Grady Deaton (left) with the Kuskokwim Consortium Library, and Adrian Wagner (right) with 4-H Cooperative Extension have teamed up to train young people on how to preserve cultural histories by using the StoryCorps smartphone app in Bethel.
Christine Trudeau
/
KYUK

Bethel Community organizers want to train Y-K Delta youths to gather stories and traditional knowledge using the latest technology available on cell phones. Adrian Wagner with 4-H Cooperative Extension and Grady Deaton with the Kuskokwim Consortium Library have teamed up to train young people on how to use the StoryCorps smartphone app in Bethel. KYUK’s Education Reporter Christine Trudeau sat down with the pair after their first of three workshops with local youth at the Bethel Library. StoryCorps was formed years ago by public radio producer David Isay. Wagner and Deaton tell us more.

 

 

 

 

 

Christine Trudeau: What is StoryCorps?

 

Grady Deaton: So, Dave Isay tells a story about recording on a tape recorder, when he was young, four of his grandparents, and then later losing the tape and for years searching for that tape, and that being the impetus for his StoryCorps project. He’s – I want to say five or 10 years now – StoryCorps been setting up booths for people to record on the street, in the train station, their stories amongst themselves. And they’re very simple, very straightforward questions to just explore our human connections. StoryCorps is [also] a podcast that publishes those stories that are aggregated from those StoryCorps booths around the country, and also now stories that are aggregated through their Story Crops App, and all of the Story Corps admissions are entered into the Library of Congress [in Washington D.C.] which is why I think it’s quite interesting too.”

 

Trudeau: Who would be involved? You mentioned working with – in various capacities of both your jobs respectively – the teen center, so youth would be involved in conducting these interviews, is that correct?

 

Adrian Wagner: So yeah, the youth component is the most important component to me, making sure to empower youth to do these interviews and actually go out and obtain cultural knowledge themselves instead of having it thrust on them.
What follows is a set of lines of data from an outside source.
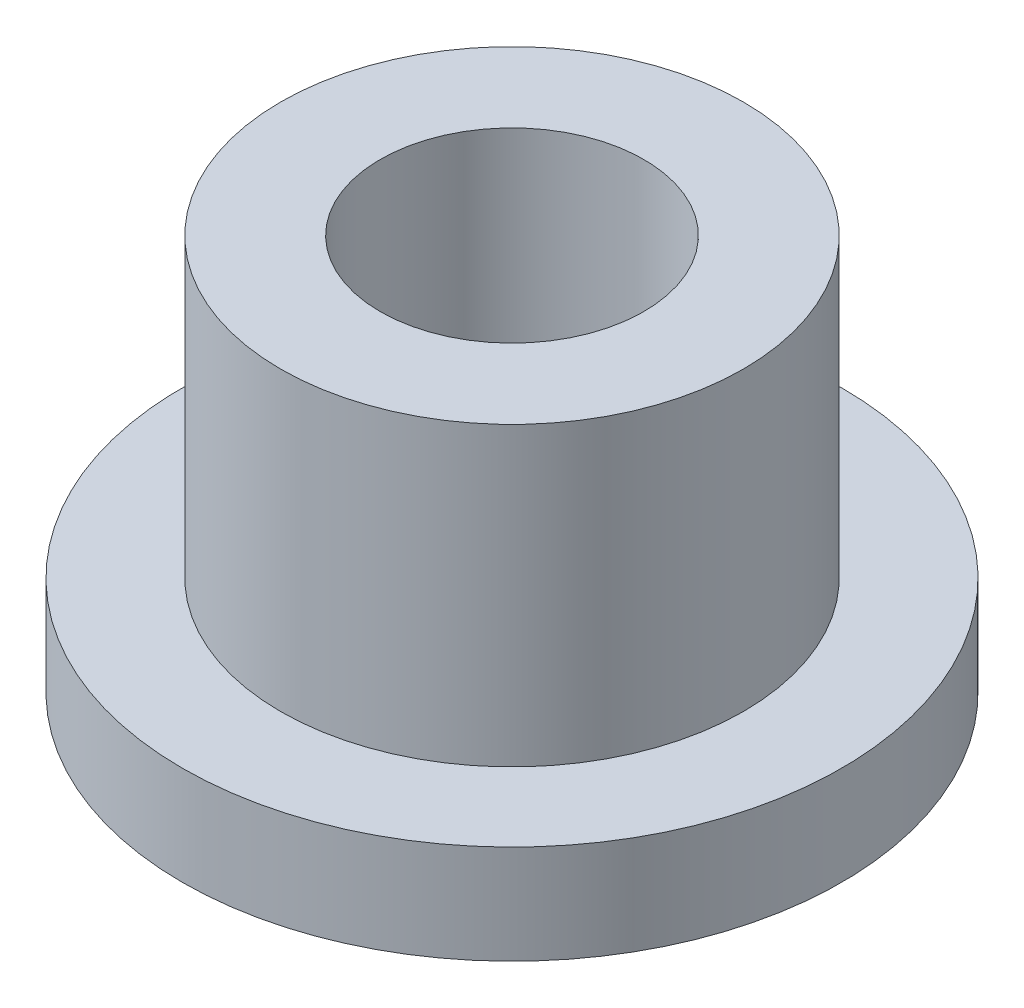
ISO-10303-21;
HEADER;
FILE_DESCRIPTION(('STEP AP214'),'2;1');
FILE_NAME('part.step','',(''),(''),'','','');
FILE_SCHEMA(('AUTOMOTIVE_DESIGN { 1 0 10303 214 1 1 1 1 }'));
ENDSEC;
DATA;
#1=APPLICATION_CONTEXT('core data for automotive mechanical design processes');
#2=APPLICATION_PROTOCOL_DEFINITION('international standard','automotive_design',2000,#1);
#3=PRODUCT_CONTEXT('',#1,'mechanical');
#4=PRODUCT('Part','Part','',(#3));
#5=PRODUCT_RELATED_PRODUCT_CATEGORY('part','',(#4));
#6=PRODUCT_DEFINITION_FORMATION('','',#4);
#7=PRODUCT_DEFINITION_CONTEXT('part definition',#1,'design');
#8=PRODUCT_DEFINITION('design','',#6,#7);
#9=PRODUCT_DEFINITION_SHAPE('','',#8);
#10=(LENGTH_UNIT() NAMED_UNIT(*) SI_UNIT(.MILLI.,.METRE.));
#11=(NAMED_UNIT(*) PLANE_ANGLE_UNIT() SI_UNIT($,.RADIAN.));
#12=(NAMED_UNIT(*) SI_UNIT($,.STERADIAN.) SOLID_ANGLE_UNIT());
#13=UNCERTAINTY_MEASURE_WITH_UNIT(LENGTH_MEASURE(1.E-05),#10,'distance_accuracy_value','');
#14=(GEOMETRIC_REPRESENTATION_CONTEXT(3) GLOBAL_UNCERTAINTY_ASSIGNED_CONTEXT((#13)) GLOBAL_UNIT_ASSIGNED_CONTEXT((#10,
#11,#12)) REPRESENTATION_CONTEXT('',''));
#15=CARTESIAN_POINT('',(0.,0.,0.));
#16=DIRECTION('',(0.,0.,1.));
#17=DIRECTION('',(1.,0.,0.));
#18=AXIS2_PLACEMENT_3D('',#15,#16,#17);
#19=CARTESIAN_POINT('',(0.,3.,0.));
#20=DIRECTION('',(0.,1.,0.));
#21=DIRECTION('',(0.,0.,1.));
#22=AXIS2_PLACEMENT_3D('',#19,#20,#21);
#23=PLANE('',#22);
#24=CARTESIAN_POINT('',(0.,3.,0.));
#25=DIRECTION('',(0.,1.,0.));
#26=DIRECTION('',(0.,0.,1.));
#27=AXIS2_PLACEMENT_3D('',#24,#25,#26);
#28=CIRCLE('',#27,3.51);
#29=CARTESIAN_POINT('',(0.,3.,3.51));
#30=VERTEX_POINT('',#29);
#31=EDGE_CURVE('E10',#30,#30,#28,.T.);
#32=ORIENTED_EDGE('',*,*,#31,.T.);
#33=EDGE_LOOP('',(#32));
#34=FACE_BOUND('',#33,.T.);
#35=CARTESIAN_POINT('',(0.,3.,0.));
#36=DIRECTION('',(0.,1.,0.));
#37=DIRECTION('',(0.,0.,1.));
#38=AXIS2_PLACEMENT_3D('',#35,#36,#37);
#39=CIRCLE('',#38,2.);
#40=CARTESIAN_POINT('',(0.,3.,2.));
#41=VERTEX_POINT('',#40);
#42=EDGE_CURVE('E37',#41,#41,#39,.T.);
#43=ORIENTED_EDGE('',*,*,#42,.F.);
#44=EDGE_LOOP('',(#43));
#45=FACE_BOUND('',#44,.T.);
#46=ADVANCED_FACE('F30',(#34,#45),#23,.T.);
#47=CARTESIAN_POINT('',(0.,3.,0.));
#48=DIRECTION('',(0.,-1.,0.));
#49=DIRECTION('',(0.,0.,-1.));
#50=AXIS2_PLACEMENT_3D('',#47,#48,#49);
#51=CYLINDRICAL_SURFACE('',#50,3.51);
#52=CARTESIAN_POINT('',(0.,-1.5,0.));
#53=DIRECTION('',(0.,1.,0.));
#54=DIRECTION('',(0.,0.,1.));
#55=AXIS2_PLACEMENT_3D('',#52,#53,#54);
#56=CIRCLE('',#55,3.51);
#57=CARTESIAN_POINT('',(0.,-1.5,3.51));
#58=VERTEX_POINT('',#57);
#59=EDGE_CURVE('E51',#58,#58,#56,.T.);
#60=ORIENTED_EDGE('',*,*,#59,.T.);
#61=EDGE_LOOP('',(#60));
#62=FACE_BOUND('',#61,.T.);
#63=ORIENTED_EDGE('',*,*,#31,.F.);
#64=EDGE_LOOP('',(#63));
#65=FACE_BOUND('',#64,.T.);
#66=ADVANCED_FACE('F32',(#62,#65),#51,.T.);
#67=CARTESIAN_POINT('',(0.,3.,0.));
#68=DIRECTION('',(0.,-1.,0.));
#69=DIRECTION('',(0.,0.,-1.));
#70=AXIS2_PLACEMENT_3D('',#67,#68,#69);
#71=CYLINDRICAL_SURFACE('',#70,2.);
#72=ORIENTED_EDGE('',*,*,#42,.T.);
#73=EDGE_LOOP('',(#72));
#74=FACE_BOUND('',#73,.T.);
#75=CARTESIAN_POINT('',(0.,-3.,0.));
#76=DIRECTION('',(0.,1.,0.));
#77=DIRECTION('',(0.,0.,1.));
#78=AXIS2_PLACEMENT_3D('',#75,#76,#77);
#79=CIRCLE('',#78,2.);
#80=CARTESIAN_POINT('',(0.,-3.,2.));
#81=VERTEX_POINT('',#80);
#82=EDGE_CURVE('E41',#81,#81,#79,.T.);
#83=ORIENTED_EDGE('',*,*,#82,.F.);
#84=EDGE_LOOP('',(#83));
#85=FACE_BOUND('',#84,.T.);
#86=ADVANCED_FACE('F71',(#74,#85),#71,.F.);
#87=CARTESIAN_POINT('',(0.,-3.,0.));
#88=DIRECTION('',(0.,1.,0.));
#89=DIRECTION('',(0.,0.,1.));
#90=AXIS2_PLACEMENT_3D('',#87,#88,#89);
#91=PLANE('',#90);
#92=ORIENTED_EDGE('',*,*,#82,.T.);
#93=EDGE_LOOP('',(#92));
#94=FACE_BOUND('',#93,.T.);
#95=CARTESIAN_POINT('',(0.,-3.,0.));
#96=DIRECTION('',(0.,1.,0.));
#97=DIRECTION('',(0.,0.,1.));
#98=AXIS2_PLACEMENT_3D('',#95,#96,#97);
#99=CIRCLE('',#98,5.);
#100=CARTESIAN_POINT('',(0.,-3.,5.));
#101=VERTEX_POINT('',#100);
#102=EDGE_CURVE('E48',#101,#101,#99,.T.);
#103=ORIENTED_EDGE('',*,*,#102,.F.);
#104=EDGE_LOOP('',(#103));
#105=FACE_BOUND('',#104,.T.);
#106=ADVANCED_FACE('F62',(#94,#105),#91,.F.);
#107=CARTESIAN_POINT('',(0.,-1.5,0.));
#108=DIRECTION('',(0.,1.,0.));
#109=DIRECTION('',(0.,0.,1.));
#110=AXIS2_PLACEMENT_3D('',#107,#108,#109);
#111=PLANE('',#110);
#112=CARTESIAN_POINT('',(0.,-1.5,0.));
#113=DIRECTION('',(0.,1.,0.));
#114=DIRECTION('',(0.,0.,1.));
#115=AXIS2_PLACEMENT_3D('',#112,#113,#114);
#116=CIRCLE('',#115,5.);
#117=CARTESIAN_POINT('',(0.,-1.5,5.));
#118=VERTEX_POINT('',#117);
#119=EDGE_CURVE('E45',#118,#118,#116,.T.);
#120=ORIENTED_EDGE('',*,*,#119,.T.);
#121=EDGE_LOOP('',(#120));
#122=FACE_BOUND('',#121,.T.);
#123=ORIENTED_EDGE('',*,*,#59,.F.);
#124=EDGE_LOOP('',(#123));
#125=FACE_BOUND('',#124,.T.);
#126=ADVANCED_FACE('F59',(#122,#125),#111,.T.);
#127=CARTESIAN_POINT('',(0.,-1.5,0.));
#128=DIRECTION('',(0.,-1.,0.));
#129=DIRECTION('',(0.,0.,-1.));
#130=AXIS2_PLACEMENT_3D('',#127,#128,#129);
#131=CYLINDRICAL_SURFACE('',#130,5.);
#132=ORIENTED_EDGE('',*,*,#119,.F.);
#133=EDGE_LOOP('',(#132));
#134=FACE_BOUND('',#133,.T.);
#135=ORIENTED_EDGE('',*,*,#102,.T.);
#136=EDGE_LOOP('',(#135));
#137=FACE_BOUND('',#136,.T.);
#138=ADVANCED_FACE('F61',(#134,#137),#131,.T.);
#139=CLOSED_SHELL('',(#46,#66,#86,#106,#126,#138));
#140=MANIFOLD_SOLID_BREP('B2',#139);
#141=ADVANCED_BREP_SHAPE_REPRESENTATION('',(#18,#140),#14);
#142=SHAPE_DEFINITION_REPRESENTATION(#9,#141);
ENDSEC;
END-ISO-10303-21;

That being said, we want everybody to participate. We think that talking to elders is a good thing. We think elders going out and interviewing youth is a good thing. But we’re most focused on youth going out and interviewing people in the community. We’re hoping that people’s parents and guardians will help them in doing that.

 

Trudeau: When will this project start? When will these interviews begin to be collected and how would they then be connected to StoryCorps?

 

Deaton: So, actually we can start immediately. The StoryCorps App allows you to tag uploads and we want everyone to tag their upload with hash tag “Bethel snapshot.”

 

Wagner: Right.

 

Trudeau: So, they would be recording these themselves on what devices?

 

Deaton: Matter of fact, the impetus started us talking about this in talking about how to do an oral history project and where we were going to get the equipment, and what we were going to record on, and that’s when StoryCorps came up into our minds because we can leverage the StoryCorps App available from the Google Play and IOS App Store, and leverage everyone else’s devices – as opposed to trying to put devices that we get and then put them into hands of kids. So anybody right now can download the StoryCorps App.

 

Trudeau: So that’s why you’re asking people to hashtag their uploads? So that they’ll have one place to go to find all of those Bethel stories?

 

Deaton: Right, and that probably is the key takeaway for anyone out there who hears a story and says ‘oh, they’re doing this and I want to take advantage and be a part of it,’ the key is make sure it’s tagged “Bethel Snapshot.” One word, hashtag, B-E-T-H-E-L S-N-A-P-S-H-O-T, “Bethel Snapshot,” that’ll keep all of the interviews together and we’ll actually be able to use one of the community features of StoryCorps website to aggregate those too.

 

Trudeau: So, what other events are coming up that are going to be geared toward getting more youth involvement and activity with this project?

 

Deaton: They can join us on the seventh of February, the twenty-first of February, for informational workshops relative to the App, and our application of the App, and then in the second week in March there is going to be a younger cohort at the 4-H, who are going to be working through it during their Culture Camp. Adults can get involved immediately, [and] anyone can call the library at anytime for one on one instruction.

 

Trudeau: Well, thank you so much.

 

Deaton: Thanks a lot!

 

Wagner: Thank you.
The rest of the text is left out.